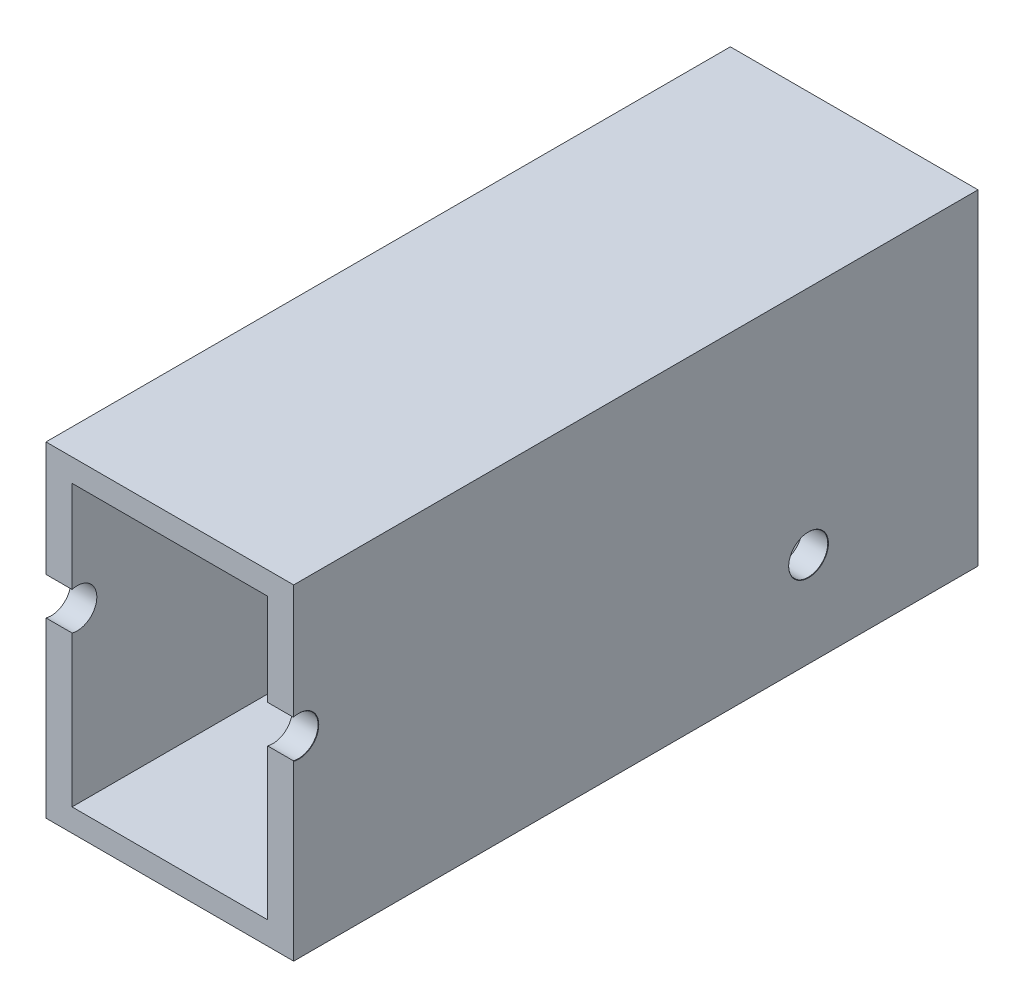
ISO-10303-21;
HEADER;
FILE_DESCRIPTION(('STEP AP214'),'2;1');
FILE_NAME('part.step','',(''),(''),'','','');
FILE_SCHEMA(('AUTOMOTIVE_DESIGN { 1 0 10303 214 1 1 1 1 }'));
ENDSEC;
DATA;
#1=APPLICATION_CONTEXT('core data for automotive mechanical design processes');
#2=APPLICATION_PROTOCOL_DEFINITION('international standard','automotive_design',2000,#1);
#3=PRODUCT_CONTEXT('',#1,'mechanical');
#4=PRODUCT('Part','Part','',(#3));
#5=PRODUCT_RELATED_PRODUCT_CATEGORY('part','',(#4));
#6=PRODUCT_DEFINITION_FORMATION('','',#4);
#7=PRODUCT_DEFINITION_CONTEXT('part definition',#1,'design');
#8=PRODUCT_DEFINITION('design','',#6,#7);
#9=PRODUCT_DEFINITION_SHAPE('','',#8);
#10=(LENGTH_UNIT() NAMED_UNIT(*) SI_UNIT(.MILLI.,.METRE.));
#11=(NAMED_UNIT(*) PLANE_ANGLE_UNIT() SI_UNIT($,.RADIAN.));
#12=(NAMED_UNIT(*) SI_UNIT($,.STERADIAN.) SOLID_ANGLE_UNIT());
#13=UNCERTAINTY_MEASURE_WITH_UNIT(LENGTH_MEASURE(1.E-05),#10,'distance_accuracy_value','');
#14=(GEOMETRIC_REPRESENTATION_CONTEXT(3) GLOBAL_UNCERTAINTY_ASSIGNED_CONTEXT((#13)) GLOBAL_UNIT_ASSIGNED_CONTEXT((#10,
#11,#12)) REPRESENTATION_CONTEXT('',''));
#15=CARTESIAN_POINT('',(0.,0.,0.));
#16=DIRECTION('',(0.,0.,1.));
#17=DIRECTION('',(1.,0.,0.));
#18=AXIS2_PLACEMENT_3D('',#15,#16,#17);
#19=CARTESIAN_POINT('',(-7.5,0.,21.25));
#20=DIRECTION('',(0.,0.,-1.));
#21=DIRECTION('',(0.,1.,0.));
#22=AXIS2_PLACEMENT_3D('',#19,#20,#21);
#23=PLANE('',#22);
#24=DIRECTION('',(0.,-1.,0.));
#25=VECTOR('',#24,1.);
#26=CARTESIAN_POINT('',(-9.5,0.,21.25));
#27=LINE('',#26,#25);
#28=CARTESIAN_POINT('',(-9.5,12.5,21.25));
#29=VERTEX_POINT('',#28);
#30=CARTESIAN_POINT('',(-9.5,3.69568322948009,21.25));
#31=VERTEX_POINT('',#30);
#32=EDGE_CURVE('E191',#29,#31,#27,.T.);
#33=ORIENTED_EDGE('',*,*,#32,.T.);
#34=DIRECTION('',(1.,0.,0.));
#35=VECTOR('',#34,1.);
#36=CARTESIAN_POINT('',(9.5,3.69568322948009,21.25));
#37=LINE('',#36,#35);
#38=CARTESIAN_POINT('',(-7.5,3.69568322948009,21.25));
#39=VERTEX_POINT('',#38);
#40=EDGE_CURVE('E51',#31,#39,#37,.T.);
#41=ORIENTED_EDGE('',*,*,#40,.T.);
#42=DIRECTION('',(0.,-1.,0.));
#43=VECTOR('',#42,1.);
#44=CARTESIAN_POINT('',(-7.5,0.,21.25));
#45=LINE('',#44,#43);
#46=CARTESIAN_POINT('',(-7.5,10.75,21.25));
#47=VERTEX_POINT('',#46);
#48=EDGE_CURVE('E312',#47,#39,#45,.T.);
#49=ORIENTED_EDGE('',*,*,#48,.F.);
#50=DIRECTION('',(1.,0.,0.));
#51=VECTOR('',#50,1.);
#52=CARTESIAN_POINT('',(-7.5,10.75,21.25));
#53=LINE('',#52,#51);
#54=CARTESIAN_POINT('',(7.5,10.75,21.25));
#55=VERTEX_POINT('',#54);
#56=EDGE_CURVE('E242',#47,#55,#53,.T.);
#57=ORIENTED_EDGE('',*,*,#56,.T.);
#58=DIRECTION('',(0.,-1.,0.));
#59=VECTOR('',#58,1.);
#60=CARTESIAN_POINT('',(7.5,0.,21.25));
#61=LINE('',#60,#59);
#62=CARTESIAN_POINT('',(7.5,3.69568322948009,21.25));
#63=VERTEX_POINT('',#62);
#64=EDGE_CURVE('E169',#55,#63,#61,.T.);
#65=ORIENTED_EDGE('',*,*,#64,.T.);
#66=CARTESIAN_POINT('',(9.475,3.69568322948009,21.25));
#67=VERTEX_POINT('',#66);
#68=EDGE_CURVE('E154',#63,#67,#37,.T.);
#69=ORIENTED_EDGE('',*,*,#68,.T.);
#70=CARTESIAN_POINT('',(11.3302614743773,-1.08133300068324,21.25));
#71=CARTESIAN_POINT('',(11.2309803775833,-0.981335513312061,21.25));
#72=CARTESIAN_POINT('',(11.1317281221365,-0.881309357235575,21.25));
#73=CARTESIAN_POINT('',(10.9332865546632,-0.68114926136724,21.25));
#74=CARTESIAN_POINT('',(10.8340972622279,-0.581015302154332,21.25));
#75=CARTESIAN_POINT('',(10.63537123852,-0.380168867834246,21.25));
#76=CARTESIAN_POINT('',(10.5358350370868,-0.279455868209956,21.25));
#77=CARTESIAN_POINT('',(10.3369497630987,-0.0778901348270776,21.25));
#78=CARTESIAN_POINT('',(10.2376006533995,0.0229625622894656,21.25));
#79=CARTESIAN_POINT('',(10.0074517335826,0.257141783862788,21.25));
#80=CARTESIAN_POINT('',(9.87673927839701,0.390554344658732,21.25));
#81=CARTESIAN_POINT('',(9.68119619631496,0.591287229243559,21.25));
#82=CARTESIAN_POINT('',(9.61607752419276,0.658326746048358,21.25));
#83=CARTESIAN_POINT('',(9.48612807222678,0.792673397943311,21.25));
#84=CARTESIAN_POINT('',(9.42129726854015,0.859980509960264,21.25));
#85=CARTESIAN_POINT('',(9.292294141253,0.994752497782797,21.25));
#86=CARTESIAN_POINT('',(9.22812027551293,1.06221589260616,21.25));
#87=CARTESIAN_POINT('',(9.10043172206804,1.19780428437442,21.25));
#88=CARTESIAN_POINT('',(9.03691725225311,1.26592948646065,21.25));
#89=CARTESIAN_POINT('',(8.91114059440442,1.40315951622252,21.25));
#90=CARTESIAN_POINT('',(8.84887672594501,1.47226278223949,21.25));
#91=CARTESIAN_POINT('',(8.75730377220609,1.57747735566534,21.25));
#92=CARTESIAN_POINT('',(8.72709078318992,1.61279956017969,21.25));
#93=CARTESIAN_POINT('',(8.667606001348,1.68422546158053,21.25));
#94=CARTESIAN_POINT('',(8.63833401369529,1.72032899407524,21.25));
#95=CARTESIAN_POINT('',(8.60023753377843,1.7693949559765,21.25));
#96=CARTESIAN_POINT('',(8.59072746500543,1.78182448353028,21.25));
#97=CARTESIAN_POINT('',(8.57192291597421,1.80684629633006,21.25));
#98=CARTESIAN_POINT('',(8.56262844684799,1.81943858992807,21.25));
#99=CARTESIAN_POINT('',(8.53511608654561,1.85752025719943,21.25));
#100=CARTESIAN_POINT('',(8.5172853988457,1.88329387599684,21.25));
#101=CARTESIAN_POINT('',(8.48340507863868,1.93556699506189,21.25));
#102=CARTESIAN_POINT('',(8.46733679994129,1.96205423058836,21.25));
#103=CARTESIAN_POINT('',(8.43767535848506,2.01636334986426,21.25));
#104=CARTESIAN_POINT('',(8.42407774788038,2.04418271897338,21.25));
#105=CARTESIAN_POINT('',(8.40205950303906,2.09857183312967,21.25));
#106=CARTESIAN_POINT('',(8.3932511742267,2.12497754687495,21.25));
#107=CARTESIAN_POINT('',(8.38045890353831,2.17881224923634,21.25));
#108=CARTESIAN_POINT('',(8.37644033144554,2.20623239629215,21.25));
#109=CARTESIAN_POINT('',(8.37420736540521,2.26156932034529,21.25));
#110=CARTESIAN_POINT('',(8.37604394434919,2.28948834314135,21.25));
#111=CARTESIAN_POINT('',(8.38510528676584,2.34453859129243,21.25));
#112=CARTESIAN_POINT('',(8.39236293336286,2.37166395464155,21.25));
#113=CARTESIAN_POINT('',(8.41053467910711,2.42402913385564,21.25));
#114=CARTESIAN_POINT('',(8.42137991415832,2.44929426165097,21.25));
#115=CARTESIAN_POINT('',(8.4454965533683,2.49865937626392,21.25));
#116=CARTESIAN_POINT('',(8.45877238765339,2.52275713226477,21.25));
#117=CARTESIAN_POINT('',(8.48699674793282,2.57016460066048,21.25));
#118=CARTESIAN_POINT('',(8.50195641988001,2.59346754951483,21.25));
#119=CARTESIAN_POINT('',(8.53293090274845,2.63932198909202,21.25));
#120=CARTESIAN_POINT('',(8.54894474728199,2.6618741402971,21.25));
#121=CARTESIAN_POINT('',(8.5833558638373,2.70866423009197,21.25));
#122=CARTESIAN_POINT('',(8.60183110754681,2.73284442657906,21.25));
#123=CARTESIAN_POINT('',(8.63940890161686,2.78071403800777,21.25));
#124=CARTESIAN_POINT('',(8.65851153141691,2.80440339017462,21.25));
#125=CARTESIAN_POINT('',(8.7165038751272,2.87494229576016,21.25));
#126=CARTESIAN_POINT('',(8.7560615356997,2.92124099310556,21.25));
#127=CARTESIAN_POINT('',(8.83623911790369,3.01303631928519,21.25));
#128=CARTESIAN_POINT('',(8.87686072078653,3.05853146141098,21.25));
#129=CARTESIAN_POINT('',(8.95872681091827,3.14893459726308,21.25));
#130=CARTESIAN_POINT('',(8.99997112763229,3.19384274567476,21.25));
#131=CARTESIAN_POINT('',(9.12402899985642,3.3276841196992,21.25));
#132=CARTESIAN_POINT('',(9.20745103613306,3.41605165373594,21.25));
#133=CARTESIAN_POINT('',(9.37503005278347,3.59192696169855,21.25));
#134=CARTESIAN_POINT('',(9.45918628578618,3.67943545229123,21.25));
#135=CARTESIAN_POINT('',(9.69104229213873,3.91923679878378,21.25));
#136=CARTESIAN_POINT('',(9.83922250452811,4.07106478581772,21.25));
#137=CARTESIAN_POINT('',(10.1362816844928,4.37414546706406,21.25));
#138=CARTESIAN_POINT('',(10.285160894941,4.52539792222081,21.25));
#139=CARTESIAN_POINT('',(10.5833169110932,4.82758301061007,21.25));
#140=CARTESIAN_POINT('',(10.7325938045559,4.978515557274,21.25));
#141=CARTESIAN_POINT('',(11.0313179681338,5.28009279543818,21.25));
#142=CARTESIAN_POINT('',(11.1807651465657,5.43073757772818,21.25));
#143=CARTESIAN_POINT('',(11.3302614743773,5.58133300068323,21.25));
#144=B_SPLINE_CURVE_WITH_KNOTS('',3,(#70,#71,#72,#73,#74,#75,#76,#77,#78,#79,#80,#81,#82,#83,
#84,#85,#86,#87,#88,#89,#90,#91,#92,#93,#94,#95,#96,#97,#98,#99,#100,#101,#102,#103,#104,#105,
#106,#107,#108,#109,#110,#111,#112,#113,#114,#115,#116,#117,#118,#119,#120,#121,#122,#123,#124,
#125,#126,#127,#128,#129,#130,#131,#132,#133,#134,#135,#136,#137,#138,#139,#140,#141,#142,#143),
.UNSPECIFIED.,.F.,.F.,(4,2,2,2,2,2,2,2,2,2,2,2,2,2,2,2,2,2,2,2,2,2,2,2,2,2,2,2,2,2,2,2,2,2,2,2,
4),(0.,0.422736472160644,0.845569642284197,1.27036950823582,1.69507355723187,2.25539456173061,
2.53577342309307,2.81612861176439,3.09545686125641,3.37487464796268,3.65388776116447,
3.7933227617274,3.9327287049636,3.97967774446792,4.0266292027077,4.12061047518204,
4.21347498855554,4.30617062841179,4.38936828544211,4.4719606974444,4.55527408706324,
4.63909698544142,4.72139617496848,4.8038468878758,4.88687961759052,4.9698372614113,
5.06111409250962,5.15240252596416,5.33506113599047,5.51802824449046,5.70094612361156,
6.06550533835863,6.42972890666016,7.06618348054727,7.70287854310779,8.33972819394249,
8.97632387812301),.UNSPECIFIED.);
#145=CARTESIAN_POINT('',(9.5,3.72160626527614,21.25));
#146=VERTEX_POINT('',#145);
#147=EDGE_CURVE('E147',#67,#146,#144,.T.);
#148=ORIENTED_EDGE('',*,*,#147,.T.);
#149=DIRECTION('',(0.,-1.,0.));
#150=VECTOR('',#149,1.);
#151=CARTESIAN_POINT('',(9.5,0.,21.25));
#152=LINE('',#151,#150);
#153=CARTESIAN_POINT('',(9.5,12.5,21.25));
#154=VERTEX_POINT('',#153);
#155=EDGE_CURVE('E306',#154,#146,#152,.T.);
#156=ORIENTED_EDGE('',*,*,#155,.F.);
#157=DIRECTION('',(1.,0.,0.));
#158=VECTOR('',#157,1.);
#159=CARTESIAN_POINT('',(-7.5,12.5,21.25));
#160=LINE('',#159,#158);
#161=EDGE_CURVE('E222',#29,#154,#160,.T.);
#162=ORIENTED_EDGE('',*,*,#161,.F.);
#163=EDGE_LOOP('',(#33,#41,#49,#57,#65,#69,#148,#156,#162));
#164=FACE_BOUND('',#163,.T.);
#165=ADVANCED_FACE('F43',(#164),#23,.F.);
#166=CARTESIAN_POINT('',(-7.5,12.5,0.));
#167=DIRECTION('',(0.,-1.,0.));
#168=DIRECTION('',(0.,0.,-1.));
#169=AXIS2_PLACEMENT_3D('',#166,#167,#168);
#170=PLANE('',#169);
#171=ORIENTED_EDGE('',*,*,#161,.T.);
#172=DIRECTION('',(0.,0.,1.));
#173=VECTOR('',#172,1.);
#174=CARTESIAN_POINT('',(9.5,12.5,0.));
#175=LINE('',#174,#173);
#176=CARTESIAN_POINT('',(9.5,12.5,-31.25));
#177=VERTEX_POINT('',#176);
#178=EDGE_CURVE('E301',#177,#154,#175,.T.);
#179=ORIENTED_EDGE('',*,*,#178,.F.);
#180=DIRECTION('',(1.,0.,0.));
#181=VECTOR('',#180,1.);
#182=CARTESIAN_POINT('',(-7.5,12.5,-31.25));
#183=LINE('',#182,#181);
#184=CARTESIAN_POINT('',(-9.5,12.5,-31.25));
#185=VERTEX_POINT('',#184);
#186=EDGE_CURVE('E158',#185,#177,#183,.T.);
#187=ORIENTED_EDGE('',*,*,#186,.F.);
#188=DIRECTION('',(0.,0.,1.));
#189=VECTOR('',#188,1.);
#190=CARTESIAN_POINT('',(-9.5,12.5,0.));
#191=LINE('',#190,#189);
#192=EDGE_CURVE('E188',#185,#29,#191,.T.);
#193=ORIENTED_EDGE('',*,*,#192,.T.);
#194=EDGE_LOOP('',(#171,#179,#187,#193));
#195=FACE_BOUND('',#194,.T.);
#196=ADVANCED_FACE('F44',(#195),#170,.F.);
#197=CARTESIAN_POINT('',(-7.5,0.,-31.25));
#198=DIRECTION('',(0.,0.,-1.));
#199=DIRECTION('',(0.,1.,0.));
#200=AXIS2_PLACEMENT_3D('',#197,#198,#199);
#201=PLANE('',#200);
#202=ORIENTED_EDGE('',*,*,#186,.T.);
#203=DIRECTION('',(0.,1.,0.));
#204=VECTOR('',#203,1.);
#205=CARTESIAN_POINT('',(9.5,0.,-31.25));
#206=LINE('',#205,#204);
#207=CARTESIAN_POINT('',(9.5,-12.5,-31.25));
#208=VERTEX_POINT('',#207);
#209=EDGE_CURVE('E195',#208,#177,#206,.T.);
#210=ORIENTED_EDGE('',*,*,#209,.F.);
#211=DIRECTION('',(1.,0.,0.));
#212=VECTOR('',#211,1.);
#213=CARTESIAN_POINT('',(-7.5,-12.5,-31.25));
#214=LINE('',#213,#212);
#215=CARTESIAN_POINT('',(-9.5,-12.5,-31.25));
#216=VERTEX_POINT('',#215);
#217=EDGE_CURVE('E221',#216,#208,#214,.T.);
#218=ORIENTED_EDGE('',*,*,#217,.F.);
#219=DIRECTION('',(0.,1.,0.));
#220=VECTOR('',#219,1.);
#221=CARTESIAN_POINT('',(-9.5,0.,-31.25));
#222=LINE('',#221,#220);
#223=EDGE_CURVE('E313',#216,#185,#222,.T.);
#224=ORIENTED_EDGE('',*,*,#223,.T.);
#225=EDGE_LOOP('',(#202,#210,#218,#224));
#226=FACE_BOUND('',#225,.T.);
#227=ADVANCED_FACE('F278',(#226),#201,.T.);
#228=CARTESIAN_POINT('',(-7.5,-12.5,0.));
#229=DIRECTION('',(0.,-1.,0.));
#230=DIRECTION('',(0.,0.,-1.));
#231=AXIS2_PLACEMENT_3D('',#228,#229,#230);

________________________

What is being asked: From the opening line of the listing above through the line bearing "#4=PRODUCT('Part','Part','',(#3));", repeat each line exactly. Drop every picture.

Task response:
ISO-10303-21;
HEADER;
FILE_DESCRIPTION(('STEP AP214'),'2;1');
FILE_NAME('part.step','',(''),(''),'','','');
FILE_SCHEMA(('AUTOMOTIVE_DESIGN { 1 0 10303 214 1 1 1 1 }'));
ENDSEC;
DATA;
#1=APPLICATION_CONTEXT('core data for automotive mechanical design processes');
#2=APPLICATION_PROTOCOL_DEFINITION('international standard','automotive_design',2000,#1);
#3=PRODUCT_CONTEXT('',#1,'mechanical');
#4=PRODUCT('Part','Part','',(#3));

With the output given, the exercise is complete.